Выше было упомянуто, что в. к. Иван Данилович замышлял в начале 1335 г. поход на Псков, но отказался от него, уступив настояниям новгородцев. Эпизод этот – один из признаков того затруднительного и напряженного положения, в каком находилась великокняжеская власть перед напором литовской силы и литовского влияния на западные области Великороссии. Литовское влияние было опасно для великого князя по связи его с нараставшим раздражением местных княжеских сил против московского «насилованья» и с популярными в княжеско-боярской среде, как и в более широких общественных кругах, настроениями, враждебными Москве и ордынской власти. Возвращение в Тверь кн. Александра Михайловича заново всколыхнуло все сильно натянутые внутренние отношения Великороссии.

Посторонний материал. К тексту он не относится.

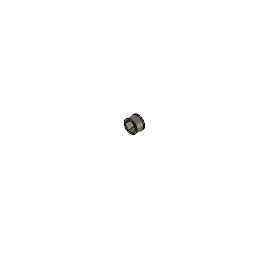
3-029 Hex Spacers (Autodesk Fusion 360 design; units mm, degrees)
Autodesk Fusion 360 part; units mm, degrees
ref_plane "WorkPlane1" through (0, 10, 0) normal (0, 1, 0) x (0, 0, 1)
sketch "Sketch1" plane through (0, 10, 0) normal (0, 1, 0) x (1, 0, 0)
  line L0 (-2.1, -3.6373) -> (2.1, -3.6373)
  line L1 (2.1, -3.6373) -> (4.2, 0)
  line L2 (4.2, 0) -> (2.1, 3.6373)
  line L3 (2.1, 3.6373) -> (-2.1, 3.6373)
  line L4 (-2.1, 3.6373) -> (-4.2, 0)
  line L5 (-4.2, 0) -> (-2.1, -3.6373)
  circle A0 centre (0, 0) radius 5
  dimension "d266" = 10
  dimension "d287" = 8.4
  constraint coincident A0.centre origin
  constraint horizontal L0
  measures "d266" diameter of A0
  measures "d287" distance of L0.start L2.end
extrude "Extrude1" add sketch "Sketch1" along normal blind 5 makes body 1
extrude "Extrude1'" add 1 faces at (-3.6016, 15, 1.9356) along direction (0, 1, 0) blind 1 separate body on bodies 1 makes body 2 in component "Component"
copy_body "Body->Comp1" bodies 1 removing the originals makes body 3 in component "Component'"
component "Component" placed x (1, 0, 0) y (0, 1, 0) z (0, 0, 1) at (0, 0, 0)
component "Component'" placed x (1, 0, 0) y (0, 1, 0) z (0, 0, 1) at (0, 0, 0)
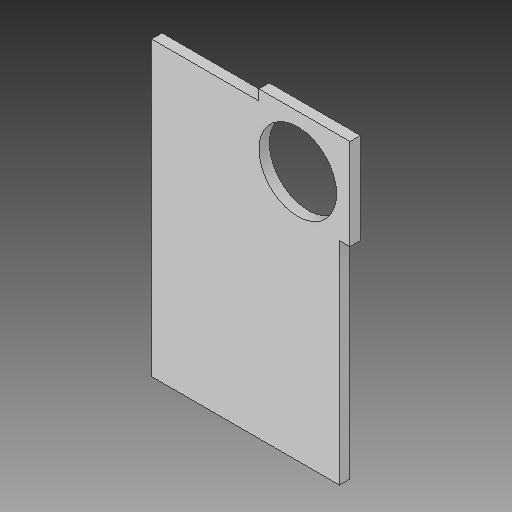
# Autodesk Inventor part: saw blade axle support (hole for arbor)
Saved by Autodesk Inventor 2019 (Build 230136000, 136)
## iProperties
Created: 2018-01-22
Part Number: saw blade axle support (hole for arbor)
Material: Generic
Document SubType Name: Modeling
Designer: Administrator
Density: 1 g/cm^3
Appearance: Default
Author: Administrator
Autodesk Inventor part; units mm, degrees
ref_plane "YZ Plane" through (0, 0, 0) normal (1, 0, 0) x (0, 1, 0)
ref_plane "XZ Plane" through (0, 0, 0) normal (0, 1, 0) x (-1, 0, 0)
ref_plane "XY Plane" through (0, 0, 0) normal (0, 0, 1) x (1, 0, 0)
sketch "Sketch1" plane through (0, 0, 0) normal (0, 0, 1) x (1, 0, 0)
  line L0 (0, 0) -> (114.3, 0)
  line L1 (114.3, 0) -> (114.3, 128.778)
  line L2 (65.278, 177.8) -> (0, 177.8)
  line L3 (0, 177.8) -> (0, 0)
  circle A0 centre (88.9, 152.4) radius 23.622
  line L4 (65.278, 177.8) -> (65.278, 184.15)
  line L5 (65.278, 184.15) -> (120.65, 184.15)
  line L6 (120.65, 184.15) -> (120.65, 128.778)
  line L7 (120.65, 128.778) -> (114.3, 128.778)
  line L8 (120.65, 128.778) -> (114.3, 128.778)
  dimension "d0" = 114.3
  dimension "d2" = 47.244
  dimension "d3" = 25.4
  dimension "d4" = 25.4
  dimension "d5" = 6.35
  dimension "d6" = 6.35
  dimension "d7" = 55.372
  constraints: 18 end point, 5 perpendicular, 2 parallel, 1 centre point, 1 horizontal, 1 vertical
  measures "d0" distance of L0.start L0.end
  measures "d2" diameter of A0
  measures "d3" distance from line of L1 A0.centre
  measures "d4" distance from line of A0.centre L2
  measures "d5" distance between parallel lines of L1 L6
  measures "d6" distance between parallel lines of L2 L5
  measures "d7" distance of L5.end L6.end
extrude "Extrusion1" add sketch "Sketch1" along normal blind 6.35
body "Solid1"
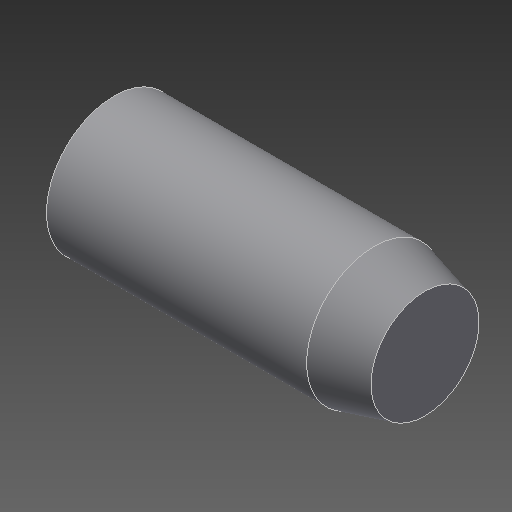
# Autodesk Inventor part: MS4-10
Saved by Autodesk Inventor 2021.1 (Build 251245010, 245A)
## iProperties
Created: 2010-03-11
Part Number: MS4-10
Catalog Web Link: www.cadenas.de
Document SubType Name: Modeling
Density: 1 g/cm^3
Material: MISUMI
Appearance: 既定
Category: PARTsolutions
NB: MS4-10
NN: MS, MSC
NT: Dowel Pins - Straight
NBSYN: $PN.
LINA: MS4-10
PN: MS4-10
TYPE: MS
MAT: 52100 Bearing Steel
HARD: 58HRC~
D: 4
D0: 1,1.5,2,2.5,3,4,5,6,8,10,12,13
L: 10
LL1: 1.5
L0: 8,10,15,20,25,30,35,40,45,50
MATALG: '','SUJ2(52100 Bearing Steel)(1.3505_100Cr6)','C','SUS440C(440C Stainless Steel)(1.4125_X105CrMo17)'
KT: DUMMY
PSOL_IDENT_0: {\\10.0.0.149\dplatte\cadenas\23d-libs\misumi\metric\28_keys_magnets\ms.prj},149 {VTYP=3D},{NB=MS4-1
PSOL_IDENT_1: 0},{LINA=MS4-10},{NN=MS, MSC},{DATE=26.05.2009 11:32:49},{GEOMDATE=21.04.2009},{VERSION=},{LINEID=10
PSOL_IDENT_2: },{LINESUBID=-1},{WBVAR=D,L}  {NB=MS4-10},{LINA=MS4-10},{KT=DUMMY},{PN=MS4-10},{TYPE=MS},{MAT=52100
PSOL_IDENT_3: Bearing Steel},{HARD=58HRC~},{D=4},{D0=1,1.5,2,2.5,3,4,5,6,8,10,12,13},{L=10},{LL1=1.5},{L0=8,10,15,
PSOL_IDENT_4: 20,25,30,35,40,45,50},{MATALG='','SUJ2(52100 Bearing Steel)(1.3505_100Cr6)','C','SUS440C(440C Stainl
PSOL_IDENT_5: ess Steel)(1.4125_X105CrMo17)'}
Title: ノックピン
Comments: Dowel Pins - Straight
Autodesk Inventor part; units mm, degrees
ref_plane "YZ Plane" through (0, 0, 0) normal (1, 0, 0) x (0, 1, 0)
ref_plane "XZ Plane" through (0, 0, 0) normal (0, 1, 0) x (-1, 0, 0)
ref_plane "XY Plane" through (0, 0, 0) normal (0, 0, 1) x (1, 0, 0)
sketch "Sketch_1" plane through (0, 0, 0) normal (0, 0, 1) x (1, 0, 0)
  line L0 (5, 0) -> (-5, 0)
  arc A0 (-4.2, 2) -> (-5, 0) centre (-1.0233, -0.4307) ccw
  line L1 (-4.2, 2) -> (3.5, 2)
  line L2 (3.5, 2) -> (5, 1.5981)
  line L3 (5, 1.5981) -> (5, 0)
  line L4 (5, 0) -> (-5, 0)
  constraints: 10 end point, 2 point on circle, 1 centre point
revolve "Revolution1" add sketch "Sketch_1" angle 360 about axis through (5, 0, 0) along (1, 0, 0)
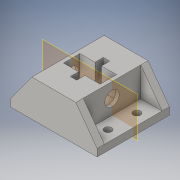
# Autodesk Inventor part: Ythruster
Saved by Autodesk Inventor 2016 (Build 200138000, 138)
## iProperties
Created: 2016-04-20
Part Number: Ythruster
Material: Generic
Document SubType Name: Modeling
Designer: Scott
Density: 1 g/cm^3
Appearance: Default
Author: Scott
Autodesk Inventor part; units mm, degrees
ref_plane "YZ Plane" through (0, 0, 0) normal (1, 0, 0) x (0, 1, 0)
ref_plane "XZ Plane" through (0, 0, 0) normal (0, 1, 0) x (-1, 0, 0)
ref_plane "XY Plane" through (0, 0, 0) normal (0, 0, 1) x (1, 0, 0)
sketch "Sketch1" plane through (0, 0, 0) normal (0, 1, 0) x (-1, 0, 0)
  line L0 (0, 0) -> (60, 0)
  line L1 (60, 0) -> (60, -40)
  line L2 (60, -40) -> (0, -40)
  line L3 (0, -40) -> (0, 0)
  line L4 (0, -20) -> (60, -20)
  line L5 (0, 0) -> (0, -20)
  line L6 (0, -10) -> (7.5, -10)
  line L7 (0, -10) -> (7.5, -10) construction
  circle A0 centre (7.5, -10) radius 2.5
  line L8 (60, -10) -> (52.5, -10)
  circle A1 centre (52.5, -10) radius 2.5
  circle A2 centre (7.5, -30) radius 2.5
  circle A3 centre (52.5, -30) radius 2.5
  dimension "d0" = 60
  dimension "d1" = 40
  dimension "d2" = 7.5
  dimension "d3" = 0
  dimension "d4" = 5
  dimension "d5" = 7.5
  dimension "d6" = 5
  constraints: 18 end point, 4 centre point, 3 horizontal, 3 midpoint, 3 perpendicular, 2 coincident, 2 parallel, 2 symmetric about line, 1 collinear, 1 point on line, 2 other
  measures "d0" distance of L1.end L2.end
  measures "d1" distance of L0.end L1.end
  measures "d2" distance of L6.start L6.end
  measures "d3" distance between parallel lines of L6 L7
  measures "d4" diameter of A0
  measures "d5" distance of L8.start L8.end
  measures "d6" diameter of A1
extrude "Extrusion1" add sketch "Sketch1" along normal blind 5.08
ref_plane "Work Plane1" through (-30, 0, -40) normal (-1, 0, 0) x (0, 0, 1)
sketch "Sketch2" plane through (-30, 0, -40) normal (-1, 0, 0) x (0, 0, 1)
  line L0 (40, 0) -> (0, 0) projected
  line L1 (0, 0) -> (0, 5.08) projected
  line L2 (40, 5.08) -> (0, 5.08) projected
  line L3 (40, 0) -> (40, 5.08) projected
  line L4 (0, 0) -> (40, 0) projected
  line L5 (20, 0) -> (20, 25.4)
  line L6 (20, 25.4) -> (20, 15.24)
  line L7 (7.3, 5.08) -> (32.7, 5.08)
  line L8 (32.7, 5.08) -> (32.7, 25.4)
  line L9 (32.7, 25.4) -> (7.3, 25.4)
  line L10 (7.3, 25.4) -> (7.3, 5.08)
  line L11 (7.3, 5.08) -> (32.7, 25.4) construction
  line L12 (32.7, 5.08) -> (7.3, 25.4) construction
  dimension "d9" = 25.4
  dimension "d10" = 10.16
  dimension "d11" = 25.4
  constraints: 16 end point, 3 midpoint, 2 parallel, 1 horizontal, 1 perpendicular, 1 point on line, 1 vertical
  measures "d9" distance of L5.start L5.end
  measures "d10" distance of L5.end L6.end
  measures "d11" distance of L9.end L8.end
extrude "Extrusion2" add sketch "Sketch2" along normal mid plane 30.48 contours L5 L9 L8 L2 | L2 L10 L9 L5
sketch "Sketch3" plane through (-45.24, 25.4, -32.7) normal (0, 1, 0) x (1, 0, 0)
  line L0 (30.48, 0) -> (0, 0) projected
  line L1 (0, -25.4) -> (0, 0) projected
  line L2 (30.48, -25.4) -> (0, -25.4) projected
  line L3 (30.48, 0) -> (30.48, -25.4) projected
  line L4 (17.4625, -1.27) -> (13.0175, -1.27)
  line L5 (13.0175, -1.27) -> (13.0175, -24.13)
  line L6 (13.0175, -24.13) -> (17.4625, -24.13)
  line L7 (17.4625, -24.13) -> (17.4625, -1.27)
  line L8 (17.4625, -1.27) -> (13.0175, -24.13) construction
  line L9 (13.0175, -1.27) -> (17.4625, -24.13) construction
  line L10 (27.94, -6.985) -> (2.54, -6.985)
  line L11 (2.54, -6.985) -> (2.54, -18.415)
  line L12 (2.54, -18.415) -> (27.94, -18.415)
  line L13 (27.94, -18.415) -> (27.94, -6.985)
  line L14 (27.94, -6.985) -> (2.54, -18.415) construction
  line L15 (2.54, -6.985) -> (27.94, -18.415) construction
  point P0 (45.24, -32.7)
  point P1 (15.24, -12.7)
  point P2 (15.24, -12.7)
  dimension "d14" = 4.445
  dimension "d15" = 22.86
  dimension "d16" = 25.4
  dimension "d17" = 11.43
  constraints: 24 end point, 5 midpoint, 4 parallel, 2 horizontal, 2 perpendicular
  measures "d14" distance of L6.end L5.end
  measures "d15" distance of L5.end L4.end
  measures "d16" distance of L12.end L11.end
  measures "d17" distance of L11.end L10.end
extrude "Extrusion3" cut sketch "Sketch3" against normal blind 20.32 contours L7 L10 L5 L4 | L10 L13 L12 L7 | L7 L12 L5 L10 | L5 L12 L11 L10 | L7 L6 L5 L12
fillet "Fillet1" radius 5.08 4 edges at (-37.4613, 5.08, -25.715) (-37.4613, 5.08, -14.285) (-22.5388, 5.08, -14.285) (-22.5388, 5.08, -25.715)
fillet "Fillet2" radius 10.16 2 edges at (-30, 5.08, -31.43) (-30, 5.08, -8.57)
sketch "Sketch4" plane through (-42.7, 25.4, -14.285) normal (1, 0, 0) x (0, 0, -1)
  arc A0 (0, -15.24) -> (5.08, -20.32) centre (5.08, -15.24) ccw projected
  line L0 (5.08, -20.32) -> (6.35, -20.32) projected
  arc A1 (6.35, -20.32) -> (11.43, -15.24) centre (6.35, -15.24) ccw projected
  line L1 (11.43, 0) -> (11.43, -15.24) projected
  line L2 (0, 0) -> (11.43, 0) projected
  line L3 (0, 0) -> (0, -15.24) projected
  line L4 (5.715, 0) -> (5.715, -10.16)
  line L5 (5.715, 0) -> (15.875, 0) construction
  circle A2 centre (5.715, -10.16) radius 5
  point P0 (-14.285, -25.4)
  dimension "d22" = 10.16
  dimension "d23" = 90
  dimension "d24" = 10
  constraints: 4 end point, 1 centre point, 1 coincident, 1 horizontal, 1 midpoint, 1 perpendicular, 1 vertical
  measures "d22" distance of L4.start L4.end
  measures "d23" angle of L4 L5
  measures "d24" diameter of A2
extrude "Extrusion4" cut sketch "Sketch4" along normal mid plane 117.1575 contours A2
sketch "Sketch5" plane through (0, 0, -40) normal (0, 0, -1) x (-1, 0, 0)
  line L0 (10, 0) -> (10, 5.08) projected
  line L1 (0, 0) -> (60, 0) projected
  line L2 (60, 0) -> (60, 5.08) projected
  line L3 (0, 5.08) -> (60, 5.08) projected
  line L4 (0, 0) -> (0, 5.08) projected
  line L5 (45.24, 5.08) -> (14.76, 5.08) projected
  line L6 (45.24, 25.4) -> (45.24, 5.08) projected
  line L7 (14.76, 25.4) -> (45.24, 25.4) projected
  line L8 (14.76, 5.08) -> (14.76, 25.4) projected
  line L9 (14.76, 25.4) -> (0, 5.08)
  line L10 (45.24, 5.08) -> (45.24, 25.4) projected
  line L11 (45.24, 25.4) -> (60, 5.08)
  constraints: 4 end point
extrude "Extrusion5" add sketch "Sketch5" along normal blind 5.08
sketch "Sketch6" plane through (-14.76, 5.08, -32.7) normal (0, 0, -1) x (-1, 0, 0)
  line L0 (13.0175, 0) -> (2.54, 0) projected
  line L1 (30.48, 0) -> (0, 0) projected
  line L2 (30.48, 20.32) -> (30.48, 0) projected
  line L3 (0, 20.32) -> (30.48, 20.32) projected
  line L4 (0, 0) -> (0, 20.32) projected
  point P0 (-14.76, -5.08)
extrude "Extrusion6" add sketch "Sketch6" along normal up to surface (7.3 mm away)
ref_plane "Work Plane2" through (-27.7775, 25.4, -20) normal (0, 0, 1) x (1, 0, 0)
mirror "Mirror1" about plane through (-27.7775, 25.4, -20) normal (0, 0, 1) of "Extrusion5", "Extrusion6"
body "Solid1"

Пока кн. Александр княжил в Пскове, Тверским княжеством «тихо и мирно» правил брат его Константин, «наставник отчине своей о нем же утвердшася люди»379. Зять в. к. Ивана, он держится в послушании тестю в ряду других младших князей380. Но вскоре после попытки в. к. Ивана организовать поход на Псков, кн. Александр послал сына Федора в Орду, и тот вернулся в Тверь с ханским послом Авдулом381. Отношения с Ордой завязаны явно помимо в. к. Ивана, но кн. Александр отправился в Орду, снесясь с митр. Феогностом: послал к нему бояр своих просить благословения382. Кн. Александр съездил из Пскова в Тверь к брату Константину и, видимо, договорился с ним о своем возвращении и с ханским послом о поездке в Орду383, а в следующем году отправился к хану с повинной и вернулся «пожалован отчиною своею Тверью» с ханскими послами. Возвращение Александра Михайловича на стол тверского княжения было несомненным политическим поражением для в. к. Ивана. Кн. Александр не мог стать в то же отношение к великокняжеской власти, с каким мирился кн. Константин Михайлович. Никоновская летопись подчеркивает отношения кн. Александра с Ордой – при отсутствии докончания и мира между ним и в. к. Иваном384. С в. к. Александром вступала на великорусскую почву сила, не покорная московскому князю и готовая к новой борьбе за власть. Литовские связи Александра и напряжение новгородских отношений грозили в. к. Ивану серьезными осложнениями, тем более что у тверских князей, судя по «пожалованию» Александра ханом Узбеком и участию в его ордынских отношениях ханского посла Авдула, были свои связи в Золотой Орде. Есть указание и на то, что «розмирье» кн. Александра с Иваном Калитой нашло отклик у младших князей, недовольных московским засильем; ярославский князь Василий Давидович в белозерский Романчюк – на стороне Александра385. Естественно предположить, что и ростовские, и суздальские князья должны были вызывать в Москве недоверие и беспокойство. Сквозь сбитые и отрывочные известия летописных сводов чувствуется подъем накопившегося недовольства московским «насилованьем». Исход княжеского столкновения зависел от хана и разыгрался в Орде. Но в. к. Иван, ведя свое дело в Орде, считает необходимым возможно меньше упускать из виду дела на Руси; уезжая в Орду вслед за тверским княжичем Федором, он посылает в Новгород сына Андрея, а в последний момент, когда решалось при ханском дворе дело кн. Александра, посылает в Орду сыновей, а сам остается на Руси386.